Your objective: For the entries that follow, restate word for word the line containing "- added C111: 100n, Capacitor_SMD:C_0402_1005Metric, B.Cu", the line containing "- added C117: 100n/50V, Capacitor_SMD:C_0603_1608Metric, B.Cu", and every line that lies between them.

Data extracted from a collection
------------------------------------------------------------
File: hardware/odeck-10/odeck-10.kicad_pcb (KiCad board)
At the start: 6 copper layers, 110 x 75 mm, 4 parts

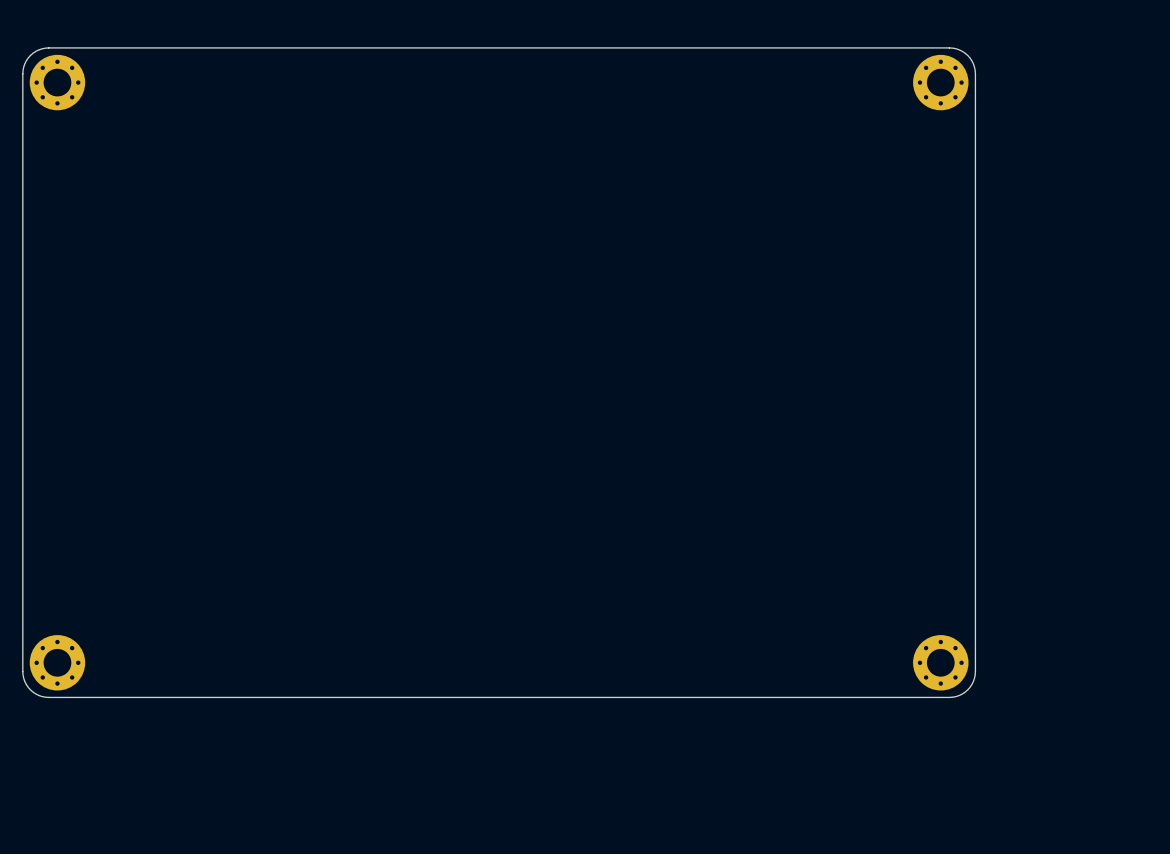
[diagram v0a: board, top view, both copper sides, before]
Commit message: Cost pass, PCB sync + rough placement, renders, README
- cost pass: extended parts 129 -> 114 (~$45/order less), nets unchanged
- tools/pcbsync.py: scripted update-PCB-from-schematic (keeps placed parts)
- tools/set_outline.py; board grown to 130x85 mm (provisional)
- hardware/odeck-10/placement.py: edge connectors + anchor-based packing,
  small passives spill to bottom; all 796 parts on the board (2 at anchor)
- docs/images: top/bottom/iso renders of the rough placement
- README.md: overview, architecture, repo layout, workflow, roadmap

Co-Authored-By: Claude Opus 5.5 <noreply@anthropic.com>
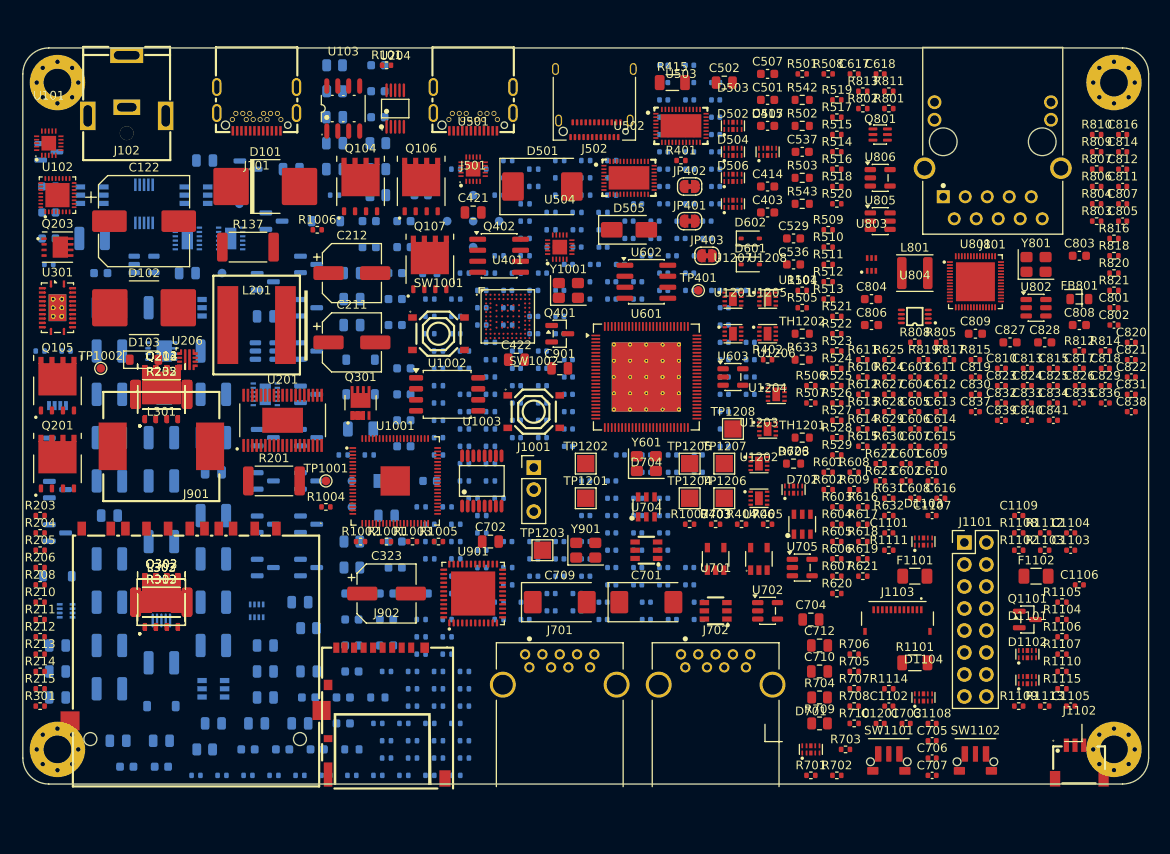
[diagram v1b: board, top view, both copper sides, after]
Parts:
- added C1001: 4.7u, Capacitor_SMD:C_0402_1005Metric, B.Cu at (156.0, 107.0)
- added C1002: 4.7u, Capacitor_SMD:C_0402_1005Metric, B.Cu at (157.0, 95.0)
- added C1003: 4.7u, Capacitor_SMD:C_0402_1005Metric, B.Cu at (157.0, 93.0)
- added C1004: 4.7u, Capacitor_SMD:C_0402_1005Metric, B.Cu at (157.0, 91.0)
- added C1005: 100n, Capacitor_SMD:C_0402_1005Metric, B.Cu at (157.0, 89.0)
- added C1006: 10u, Capacitor_SMD:C_0603_1608Metric, B.Cu at (144.0, 96.0)
- added C1007: 100n, Capacitor_SMD:C_0402_1005Metric, B.Cu at (157.0, 87.0)
- added C1008: 100n, Capacitor_SMD:C_0402_1005Metric, B.Cu at (157.0, 85.0)
- added C1009: 100n, Capacitor_SMD:C_0402_1005Metric, B.Cu at (158.0, 114.0)
- added C101: 2.2u/100V, Capacitor_SMD:C_1210_3225Metric, B.Cu at (108.0, 72.0)
- added C1010: 100n, Capacitor_SMD:C_0402_1005Metric, B.Cu at (158.0, 116.0)
- added C1011: 100n, Capacitor_SMD:C_0402_1005Metric, B.Cu at (159.0, 107.0)
- added C1012: 100n, Capacitor_SMD:C_0402_1005Metric, B.Cu at (159.0, 109.0)
- added C1013: 100n, Capacitor_SMD:C_0402_1005Metric, B.Cu at (159.0, 111.0)
- added C1014: 100n, Capacitor_SMD:C_0402_1005Metric, B.Cu at (159.0, 83.0)
- added C1015: 100n, Capacitor_SMD:C_0402_1005Metric, B.Cu at (160.0, 95.0)
- added C1016: 100n, Capacitor_SMD:C_0402_1005Metric, B.Cu at (160.0, 93.0)
- added C1017: 100n, Capacitor_SMD:C_0402_1005Metric, B.Cu at (160.0, 91.0)
- added C1018: 100n, Capacitor_SMD:C_0402_1005Metric, B.Cu at (160.0, 89.0)
- added C1019: 100n, Capacitor_SMD:C_0402_1005Metric, B.Cu at (160.0, 87.0)
- added C102: 100n/100V, Capacitor_SMD:C_0805_2012Metric, B.Cu at (121.0, 63.0)
- added C1020: 15p, Capacitor_SMD:C_0402_1005Metric, B.Cu at (160.0, 85.0)
- added C1021: 15p, Capacitor_SMD:C_0402_1005Metric, B.Cu at (161.0, 113.0)
- added C1022: 100n, Capacitor_SMD:C_0402_1005Metric, B.Cu at (161.0, 115.0)
- added C1023: 100n, Capacitor_SMD:C_0402_1005Metric, B.Cu at (159.0, 81.0)
- added C1024: 10n, Capacitor_SMD:C_0402_1005Metric, B.Cu at (162.0, 107.0)
- added C1025: 10n, Capacitor_SMD:C_0402_1005Metric, B.Cu at (162.0, 109.0)
- added C1026: 100n, Capacitor_SMD:C_0402_1005Metric, B.Cu at (162.0, 111.0)
- added C1027: 100n, Capacitor_SMD:C_0402_1005Metric, B.Cu at (162.0, 83.0)
- added C1028: 4.7u, Capacitor_SMD:C_0402_1005Metric, B.Cu at (162.0, 81.0)
- added C103: 100n/100V, Capacitor_SMD:C_0805_2012Metric, B.Cu at (119.0, 76.0)
- added C104: 1u, Capacitor_SMD:C_0402_1005Metric, B.Cu at (156.0, 78.0)
- added C105: 100n/50V, Capacitor_SMD:C_0603_1608Metric, B.Cu at (103.0, 66.0)
- added C106: 10u, Capacitor_SMD:C_0603_1608Metric, B.Cu at (103.0, 69.0)
- added C107: 10u, Capacitor_SMD:C_0603_1608Metric, B.Cu at (103.0, 72.0)
- added C108: 10u, Capacitor_SMD:C_0603_1608Metric, B.Cu at (109.0, 76.0)
- added C109: 220p, Capacitor_SMD:C_0603_1608Metric, B.Cu at (140.0, 70.0)
- added C110: 220p, Capacitor_SMD:C_0603_1608Metric, B.Cu at (140.0, 73.0)
- added C1101: 4.7u, Capacitor_SMD:C_0402_1005Metric, F.Cu at (200.0, 106.0)
- added C1102: 100n, Capacitor_SMD:C_0402_1005Metric, F.Cu at (200.0, 126.0)
- added C1103: 10n, Capacitor_SMD:C_0402_1005Metric, F.Cu at (221.0, 108.0)
- added C1104: 10n, Capacitor_SMD:C_0402_1005Metric, F.Cu at (221.0, 106.0)
- added C1105: 100n, Capacitor_SMD:C_0402_1005Metric, F.Cu at (221.0, 126.0)
- added C1106: 100n, Capacitor_SMD:C_0402_1005Metric, F.Cu at (222.0, 112.0)
- added C1107: 100n, Capacitor_SMD:C_0402_1005Metric, F.Cu at (205.0, 104.0)
- added C1108: 10n, Capacitor_SMD:C_0402_1005Metric, F.Cu at (205.0, 128.0)
- added C1109: 10n, Capacitor_SMD:C_0402_1005Metric, F.Cu at (215.0, 104.0)
- added C111: 100n, Capacitor_SMD:C_0402_1005Metric, B.Cu at (159.0, 78.0)
- added C112: 100n/100V, Capacitor_SMD:C_0805_2012Metric, B.Cu at (131.0, 64.0)
- added C113: 100n/50V, Capacitor_SMD:C_0603_1608Metric, B.Cu at (141.0, 58.0)
- added C114: 47n/100V, Capacitor_SMD:C_0603_1608Metric, B.Cu at (141.0, 55.0)
- added C115: 100n/100V, Capacitor_SMD:C_0805_2012Metric, B.Cu at (128.0, 81.0)
- added C116: 100n/100V, Capacitor_SMD:C_0805_2012Metric, B.Cu at (136.0, 64.0)
- added C117: 100n/50V, Capacitor_SMD:C_0603_1608Metric, B.Cu at (141.0, 52.0)
- added C118: 47n/100V, Capacitor_SMD:C_0603_1608Metric, B.Cu at (143.0, 76.0)
- added C119: 100n, Capacitor_SMD:C_0402_1005Metric, B.Cu at (160.0, 76.0)
- added C120: 100n, Capacitor_SMD:C_0402_1005Metric, B.Cu at (161.0, 73.0)
- added C1201: 100n, Capacitor_SMD:C_0402_1005Metric, F.Cu at (199.0, 128.0)
- added C1202: 100n, Capacitor_SMD:C_0402_1005Metric, B.Cu at (165.0, 102.0)
- added C1203: 100n, Capacitor_SMD:C_0402_1005Metric, B.Cu at (165.0, 100.0)
- added C1204: 100n, Capacitor_SMD:C_0402_1005Metric, B.Cu at (165.0, 104.0)
- added C1205: 100n, Capacitor_SMD:C_0402_1005Metric, B.Cu at (168.0, 102.0)
- added C1206: 100n, Capacitor_SMD:C_0402_1005Metric, B.Cu at (168.0, 100.0)
- added C1207: 100n, Capacitor_SMD:C_0402_1005Metric, B.Cu at (168.0, 104.0)
- added C1208: 100n, Capacitor_SMD:C_0402_1005Metric, B.Cu at (165.0, 98.0)
- added C121: 100n, Capacitor_SMD:C_0402_1005Metric, B.Cu at (162.0, 78.0)
- added C122: 47u/100V, Capacitor_SMD:CP_Elec_10x10, F.Cu at (114.0, 70.0)
- added C123: 1u/100V, Capacitor_SMD:C_0805_2012Metric, B.Cu at (136.0, 61.0)
- added C124: 100n/100V, Capacitor_SMD:C_0805_2012Metric, B.Cu at (136.0, 58.0)
- added C125: 100n, Capacitor_SMD:C_0402_1005Metric, B.Cu at (163.0, 75.0)
- added C201: 4.7u/100V, Capacitor_SMD:C_1210_3225Metric, B.Cu at (116.0, 95.0)
- added C202: 4.7u/100V, Capacitor_SMD:C_1210_3225Metric, B.Cu at (110.0, 90.0)
- added C203: 4.7u/100V, Capacitor_SMD:C_1210_3225Metric, B.Cu at (122.0, 90.0)
- added C204: 4.7u/100V, Capacitor_SMD:C_1210_3225Metric, B.Cu at (110.0, 85.0)
- added C205: 10u/50V, Capacitor_SMD:C_1210_3225Metric, B.Cu at (122.0, 85.0)
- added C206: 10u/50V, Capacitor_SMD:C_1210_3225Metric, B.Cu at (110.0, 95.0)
------------------------------------------------------------
Solution to the problem:
- added C111: 100n, Capacitor_SMD:C_0402_1005Metric, B.Cu at (159.0, 78.0)
- added C112: 100n/100V, Capacitor_SMD:C_0805_2012Metric, B.Cu at (131.0, 64.0)
- added C113: 100n/50V, Capacitor_SMD:C_0603_1608Metric, B.Cu at (141.0, 58.0)
- added C114: 47n/100V, Capacitor_SMD:C_0603_1608Metric, B.Cu at (141.0, 55.0)
- added C115: 100n/100V, Capacitor_SMD:C_0805_2012Metric, B.Cu at (128.0, 81.0)
- added C116: 100n/100V, Capacitor_SMD:C_0805_2012Metric, B.Cu at (136.0, 64.0)
- added C117: 100n/50V, Capacitor_SMD:C_0603_1608Metric, B.Cu at (141.0, 52.0)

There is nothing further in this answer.